[Raw data]
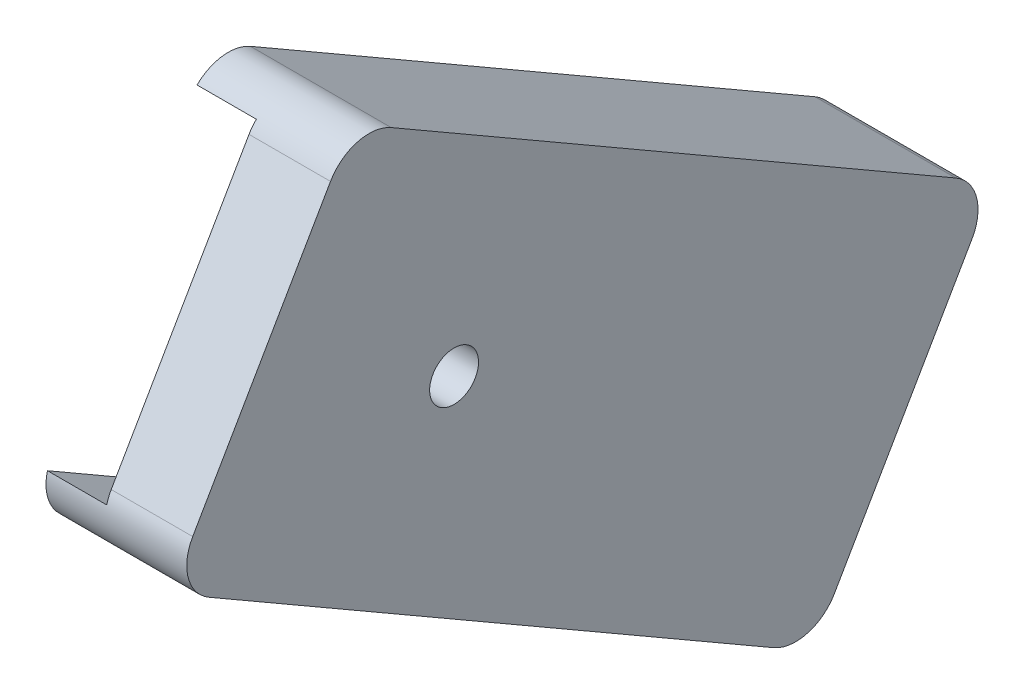
ISO-10303-21;
HEADER;
FILE_DESCRIPTION(('STEP AP214'),'2;1');
FILE_NAME('part.step','',(''),(''),'','','');
FILE_SCHEMA(('AUTOMOTIVE_DESIGN { 1 0 10303 214 1 1 1 1 }'));
ENDSEC;
DATA;
#1=APPLICATION_CONTEXT('core data for automotive mechanical design processes');
#2=APPLICATION_PROTOCOL_DEFINITION('international standard','automotive_design',2000,#1);
#3=PRODUCT_CONTEXT('',#1,'mechanical');
#4=PRODUCT('Part','Part','',(#3));
#5=PRODUCT_RELATED_PRODUCT_CATEGORY('part','',(#4));
#6=PRODUCT_DEFINITION_FORMATION('','',#4);
#7=PRODUCT_DEFINITION_CONTEXT('part definition',#1,'design');
#8=PRODUCT_DEFINITION('design','',#6,#7);
#9=PRODUCT_DEFINITION_SHAPE('','',#8);
#10=(LENGTH_UNIT() NAMED_UNIT(*) SI_UNIT(.MILLI.,.METRE.));
#11=(NAMED_UNIT(*) PLANE_ANGLE_UNIT() SI_UNIT($,.RADIAN.));
#12=(NAMED_UNIT(*) SI_UNIT($,.STERADIAN.) SOLID_ANGLE_UNIT());
#13=UNCERTAINTY_MEASURE_WITH_UNIT(LENGTH_MEASURE(1.E-05),#10,'distance_accuracy_value','');
#14=(GEOMETRIC_REPRESENTATION_CONTEXT(3) GLOBAL_UNCERTAINTY_ASSIGNED_CONTEXT((#13)) GLOBAL_UNIT_ASSIGNED_CONTEXT((#10,
#11,#12)) REPRESENTATION_CONTEXT('',''));
#15=CARTESIAN_POINT('',(0.,0.,0.));
#16=DIRECTION('',(0.,0.,1.));
#17=DIRECTION('',(1.,0.,0.));
#18=AXIS2_PLACEMENT_3D('',#15,#16,#17);
#19=CARTESIAN_POINT('',(-155.706722270034,-0.259618271787454,286.750320906195));
#20=DIRECTION('',(0.,0.5,0.866025403784439));
#21=DIRECTION('',(0.,-0.866025403784439,0.5));
#22=AXIS2_PLACEMENT_3D('',#19,#20,#21);
#23=PLANE('',#22);
#24=DIRECTION('',(0.,-0.866025403784439,0.5));
#25=VECTOR('',#24,1.);
#26=CARTESIAN_POINT('',(-161.206722270034,-0.259618271787454,286.750320906195));
#27=LINE('',#26,#25);
#28=CARTESIAN_POINT('',(-161.206722270034,-0.606028433301191,286.950320906195));
#29=VERTEX_POINT('',#28);
#30=CARTESIAN_POINT('',(-161.206722270034,-16.7141009436918,296.250320906195));
#31=VERTEX_POINT('',#30);
#32=EDGE_CURVE('E159',#29,#31,#27,.T.);
#33=ORIENTED_EDGE('',*,*,#32,.T.);
#34=DIRECTION('',(1.,0.,0.));
#35=VECTOR('',#34,1.);
#36=CARTESIAN_POINT('',(-155.706722270034,-16.7141009436918,296.250320906195));
#37=LINE('',#36,#35);
#38=CARTESIAN_POINT('',(-155.706722270034,-16.7141009436918,296.250320906195));
#39=VERTEX_POINT('',#38);
#40=EDGE_CURVE('E150',#31,#39,#37,.T.);
#41=ORIENTED_EDGE('',*,*,#40,.T.);
#42=DIRECTION('',(0.,-0.866025403784439,0.5));
#43=VECTOR('',#42,1.);
#44=CARTESIAN_POINT('',(-155.706722270034,-0.259618271787454,286.750320906195));
#45=LINE('',#44,#43);
#46=CARTESIAN_POINT('',(-155.706722270034,-0.606028433301191,286.950320906195));
#47=VERTEX_POINT('',#46);
#48=EDGE_CURVE('E141',#47,#39,#45,.T.);
#49=ORIENTED_EDGE('',*,*,#48,.F.);
#50=DIRECTION('',(1.,0.,0.));
#51=VECTOR('',#50,1.);
#52=CARTESIAN_POINT('',(-155.706722270034,-0.606028433301192,286.950320906195));
#53=LINE('',#52,#51);
#54=EDGE_CURVE('E155',#47,#29,#53,.F.);
#55=ORIENTED_EDGE('',*,*,#54,.T.);
#56=EDGE_LOOP('',(#33,#41,#49,#55));
#57=FACE_BOUND('',#56,.T.);
#58=ADVANCED_FACE('F48',(#57),#23,.T.);
#59=CARTESIAN_POINT('',(-155.706722270034,-82.5342316635769,162.346510338529));
#60=DIRECTION('',(1.,0.,0.));
#61=DIRECTION('',(0.,-1.,0.));
#62=AXIS2_PLACEMENT_3D('',#59,#60,#61);
#63=PLANE('',#62);
#64=CARTESIAN_POINT('',(-155.706722270034,-16.1600646884965,278.609939849428));
#65=DIRECTION('',(1.,0.,0.));
#66=DIRECTION('',(0.,-0.5,-0.866025403784439));
#67=AXIS2_PLACEMENT_3D('',#64,#65,#66);
#68=CIRCLE('',#67,1.65);
#69=CARTESIAN_POINT('',(-155.706722270034,-16.9850646884965,277.180997933184));
#70=VERTEX_POINT('',#69);
#71=EDGE_CURVE('E261',#70,#70,#68,.T.);
#72=ORIENTED_EDGE('',*,*,#71,.F.);
#73=EDGE_LOOP('',(#72));
#74=FACE_BOUND('',#73,.T.);
#75=ORIENTED_EDGE('',*,*,#48,.T.);
#76=CARTESIAN_POINT('',(-155.706722270034,-18.2141009436918,293.652244694842));
#77=DIRECTION('',(1.,0.,0.));
#78=DIRECTION('',(0.,0.,-1.));
#79=AXIS2_PLACEMENT_3D('',#76,#77,#78);
#80=CIRCLE('',#79,3.);
#81=CARTESIAN_POINT('',(-155.706722270034,-20.8121771550451,295.152244694842));
#82=VERTEX_POINT('',#81);
#83=EDGE_CURVE('E176',#39,#82,#80,.T.);
#84=ORIENTED_EDGE('',*,*,#83,.T.);
#85=DIRECTION('',(0.,0.5,0.866025403784439));
#86=VECTOR('',#85,1.);
#87=CARTESIAN_POINT('',(-155.706722270034,-31.8121771550451,276.099685811584));
#88=LINE('',#87,#86);
#89=CARTESIAN_POINT('',(-155.706722270034,-42.8121771550451,257.047126928326));
#90=VERTEX_POINT('',#89);
#91=EDGE_CURVE('E253',#90,#82,#88,.T.);
#92=ORIENTED_EDGE('',*,*,#91,.F.);
#93=CARTESIAN_POINT('',(-155.706722270034,-40.2141009436918,255.547126928326));
#94=DIRECTION('',(1.,0.,0.));
#95=DIRECTION('',(0.,0.,-1.));
#96=AXIS2_PLACEMENT_3D('',#93,#94,#95);
#97=CIRCLE('',#96,3.);
#98=CARTESIAN_POINT('',(-155.706722270034,-41.7141009436918,252.949050716973));
#99=VERTEX_POINT('',#98);
#100=EDGE_CURVE('E173',#90,#99,#97,.T.);
#101=ORIENTED_EDGE('',*,*,#100,.T.);
#102=DIRECTION('',(0.,-0.866025403784439,0.5));
#103=VECTOR('',#102,1.);
#104=CARTESIAN_POINT('',(-155.706722270034,-33.6600646884965,248.299050716973));
#105=LINE('',#104,#103);
#106=CARTESIAN_POINT('',(-155.706722270034,-25.6060284333012,243.649050716973));
#107=VERTEX_POINT('',#106);
#108=EDGE_CURVE('E265',#107,#99,#105,.T.);
#109=ORIENTED_EDGE('',*,*,#108,.F.);
#110=CARTESIAN_POINT('',(-155.706722270034,-24.1060284333012,246.247126928326));
#111=DIRECTION('',(1.,0.,0.));
#112=DIRECTION('',(0.,0.,-1.));
#113=AXIS2_PLACEMENT_3D('',#110,#111,#112);
#114=CIRCLE('',#113,3.);
#115=CARTESIAN_POINT('',(-155.706722270034,-21.5079522219479,244.747126928326));
#116=VERTEX_POINT('',#115);
#117=EDGE_CURVE('E149',#107,#116,#114,.T.);
#118=ORIENTED_EDGE('',*,*,#117,.T.);
#119=DIRECTION('',(0.,0.5,0.866025403784439));
#120=VECTOR('',#119,1.);
#121=CARTESIAN_POINT('',(-155.706722270034,-10.5079522219479,263.799685811584));
#122=LINE('',#121,#120);
#123=CARTESIAN_POINT('',(-155.706722270034,0.492047778052103,282.852244694842));
#124=VERTEX_POINT('',#123);
#125=EDGE_CURVE('E143',#116,#124,#122,.T.);
#126=ORIENTED_EDGE('',*,*,#125,.T.);
#127=CARTESIAN_POINT('',(-155.706722270034,-2.1060284333012,284.352244694842));
#128=DIRECTION('',(1.,0.,0.));
#129=DIRECTION('',(0.,0.,-1.));
#130=AXIS2_PLACEMENT_3D('',#127,#128,#129);
#131=CIRCLE('',#130,3.);
#132=EDGE_CURVE('E138',#124,#47,#131,.T.);
#133=ORIENTED_EDGE('',*,*,#132,.T.);
#134=EDGE_LOOP('',(#75,#84,#92,#101,#109,#118,#126,#133));
#135=FACE_BOUND('',#134,.T.);
#136=ADVANCED_FACE('F140',(#74,#135),#63,.T.);
#137=CARTESIAN_POINT('',(-155.706722270034,-33.6600646884965,248.299050716973));
#138=DIRECTION('',(0.,0.5,0.866025403784439));
#139=DIRECTION('',(0.,-0.866025403784439,0.5));
#140=AXIS2_PLACEMENT_3D('',#137,#138,#139);
#141=PLANE('',#140);
#142=ORIENTED_EDGE('',*,*,#108,.T.);
#143=DIRECTION('',(1.,0.,0.));
#144=VECTOR('',#143,1.);
#145=CARTESIAN_POINT('',(-155.706722270034,-41.7141009436918,252.949050716973));
#146=LINE('',#145,#144);
#147=CARTESIAN_POINT('',(-161.206722270034,-41.7141009436918,252.949050716973));
#148=VERTEX_POINT('',#147);
#149=EDGE_CURVE('E213',#99,#148,#146,.F.);
#150=ORIENTED_EDGE('',*,*,#149,.T.);
#151=DIRECTION('',(0.,-0.866025403784439,0.5));
#152=VECTOR('',#151,1.);
#153=CARTESIAN_POINT('',(-161.206722270034,-33.6600646884965,248.299050716973));
#154=LINE('',#153,#152);
#155=CARTESIAN_POINT('',(-161.206722270034,-25.6060284333012,243.649050716973));
#156=VERTEX_POINT('',#155);
#157=EDGE_CURVE('E269',#156,#148,#154,.T.);
#158=ORIENTED_EDGE('',*,*,#157,.F.);
#159=DIRECTION('',(1.,0.,0.));
#160=VECTOR('',#159,1.);
#161=CARTESIAN_POINT('',(-155.706722270034,-25.6060284333012,243.649050716973));
#162=LINE('',#161,#160);
#163=EDGE_CURVE('E209',#156,#107,#162,.T.);
#164=ORIENTED_EDGE('',*,*,#163,.T.);
#165=EDGE_LOOP('',(#142,#150,#158,#164));
#166=FACE_BOUND('',#165,.T.);
#167=ADVANCED_FACE('F295',(#166),#141,.F.);
#168=CARTESIAN_POINT('',(-155.706722270034,-16.1600646884965,278.609939849428));
#169=DIRECTION('',(-1.,0.,0.));
#170=DIRECTION('',(0.,1.,0.));
#171=AXIS2_PLACEMENT_3D('',#168,#169,#170);
#172=CYLINDRICAL_SURFACE('',#171,1.65);
#173=ORIENTED_EDGE('',*,*,#71,.T.);
#174=EDGE_LOOP('',(#173));
#175=FACE_BOUND('',#174,.T.);
#176=CARTESIAN_POINT('',(-161.206722270034,-16.1600646884965,278.609939849428));
#177=DIRECTION('',(1.,0.,0.));
#178=DIRECTION('',(0.,-0.5,-0.866025403784439));
#179=AXIS2_PLACEMENT_3D('',#176,#177,#178);
#180=CIRCLE('',#179,1.65);
#181=CARTESIAN_POINT('',(-161.206722270034,-16.9850646884965,277.180997933184));
#182=VERTEX_POINT('',#181);
#183=EDGE_CURVE('E257',#182,#182,#180,.T.);
#184=ORIENTED_EDGE('',*,*,#183,.F.);
#185=EDGE_LOOP('',(#184));
#186=FACE_BOUND('',#185,.T.);
#187=ADVANCED_FACE('F411',(#175,#186),#172,.F.);
#188=CARTESIAN_POINT('',(-161.206722270034,-82.5342316635769,162.346510338529));
#189=DIRECTION('',(1.,0.,0.));
#190=DIRECTION('',(0.,-1.,0.));
#191=AXIS2_PLACEMENT_3D('',#188,#189,#190);
#192=PLANE('',#191);
#193=ORIENTED_EDGE('',*,*,#183,.T.);
#194=EDGE_LOOP('',(#193));
#195=FACE_BOUND('',#194,.T.);
#196=DIRECTION('',(0.,0.5,0.866025403784438));
#197=VECTOR('',#196,1.);
#198=CARTESIAN_POINT('',(-161.206722270034,-29.9069212667194,274.999685811584));
#199=LINE('',#198,#197);
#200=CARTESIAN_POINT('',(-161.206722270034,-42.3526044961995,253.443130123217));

[Task prompt] Using the entries above, return exactly the lines from the line with "#142=ORIENTED_EDGE('',*,*,#108,.T.);" to the line with "#178=DIRECTION('',(0.,-0.5,-0.866025403784439));", counting both of those lines.

[Task output]
#142=ORIENTED_EDGE('',*,*,#108,.T.);
#143=DIRECTION('',(1.,0.,0.));
#144=VECTOR('',#143,1.);
#145=CARTESIAN_POINT('',(-155.706722270034,-41.7141009436918,252.949050716973));
#146=LINE('',#145,#144);
#147=CARTESIAN_POINT('',(-161.206722270034,-41.7141009436918,252.949050716973));
#148=VERTEX_POINT('',#147);
#149=EDGE_CURVE('E213',#99,#148,#146,.F.);
#150=ORIENTED_EDGE('',*,*,#149,.T.);
#151=DIRECTION('',(0.,-0.866025403784439,0.5));
#152=VECTOR('',#151,1.);
#153=CARTESIAN_POINT('',(-161.206722270034,-33.6600646884965,248.299050716973));
#154=LINE('',#153,#152);
#155=CARTESIAN_POINT('',(-161.206722270034,-25.6060284333012,243.649050716973));
#156=VERTEX_POINT('',#155);
#157=EDGE_CURVE('E269',#156,#148,#154,.T.);
#158=ORIENTED_EDGE('',*,*,#157,.F.);
#159=DIRECTION('',(1.,0.,0.));
#160=VECTOR('',#159,1.);
#161=CARTESIAN_POINT('',(-155.706722270034,-25.6060284333012,243.649050716973));
#162=LINE('',#161,#160);
#163=EDGE_CURVE('E209',#156,#107,#162,.T.);
#164=ORIENTED_EDGE('',*,*,#163,.T.);
#165=EDGE_LOOP('',(#142,#150,#158,#164));
#166=FACE_BOUND('',#165,.T.);
#167=ADVANCED_FACE('F295',(#166),#141,.F.);
#168=CARTESIAN_POINT('',(-155.706722270034,-16.1600646884965,278.609939849428));
#169=DIRECTION('',(-1.,0.,0.));
#170=DIRECTION('',(0.,1.,0.));
#171=AXIS2_PLACEMENT_3D('',#168,#169,#170);
#172=CYLINDRICAL_SURFACE('',#171,1.65);
#173=ORIENTED_EDGE('',*,*,#71,.T.);
#174=EDGE_LOOP('',(#173));
#175=FACE_BOUND('',#174,.T.);
#176=CARTESIAN_POINT('',(-161.206722270034,-16.1600646884965,278.609939849428));
#177=DIRECTION('',(1.,0.,0.));
#178=DIRECTION('',(0.,-0.5,-0.866025403784439));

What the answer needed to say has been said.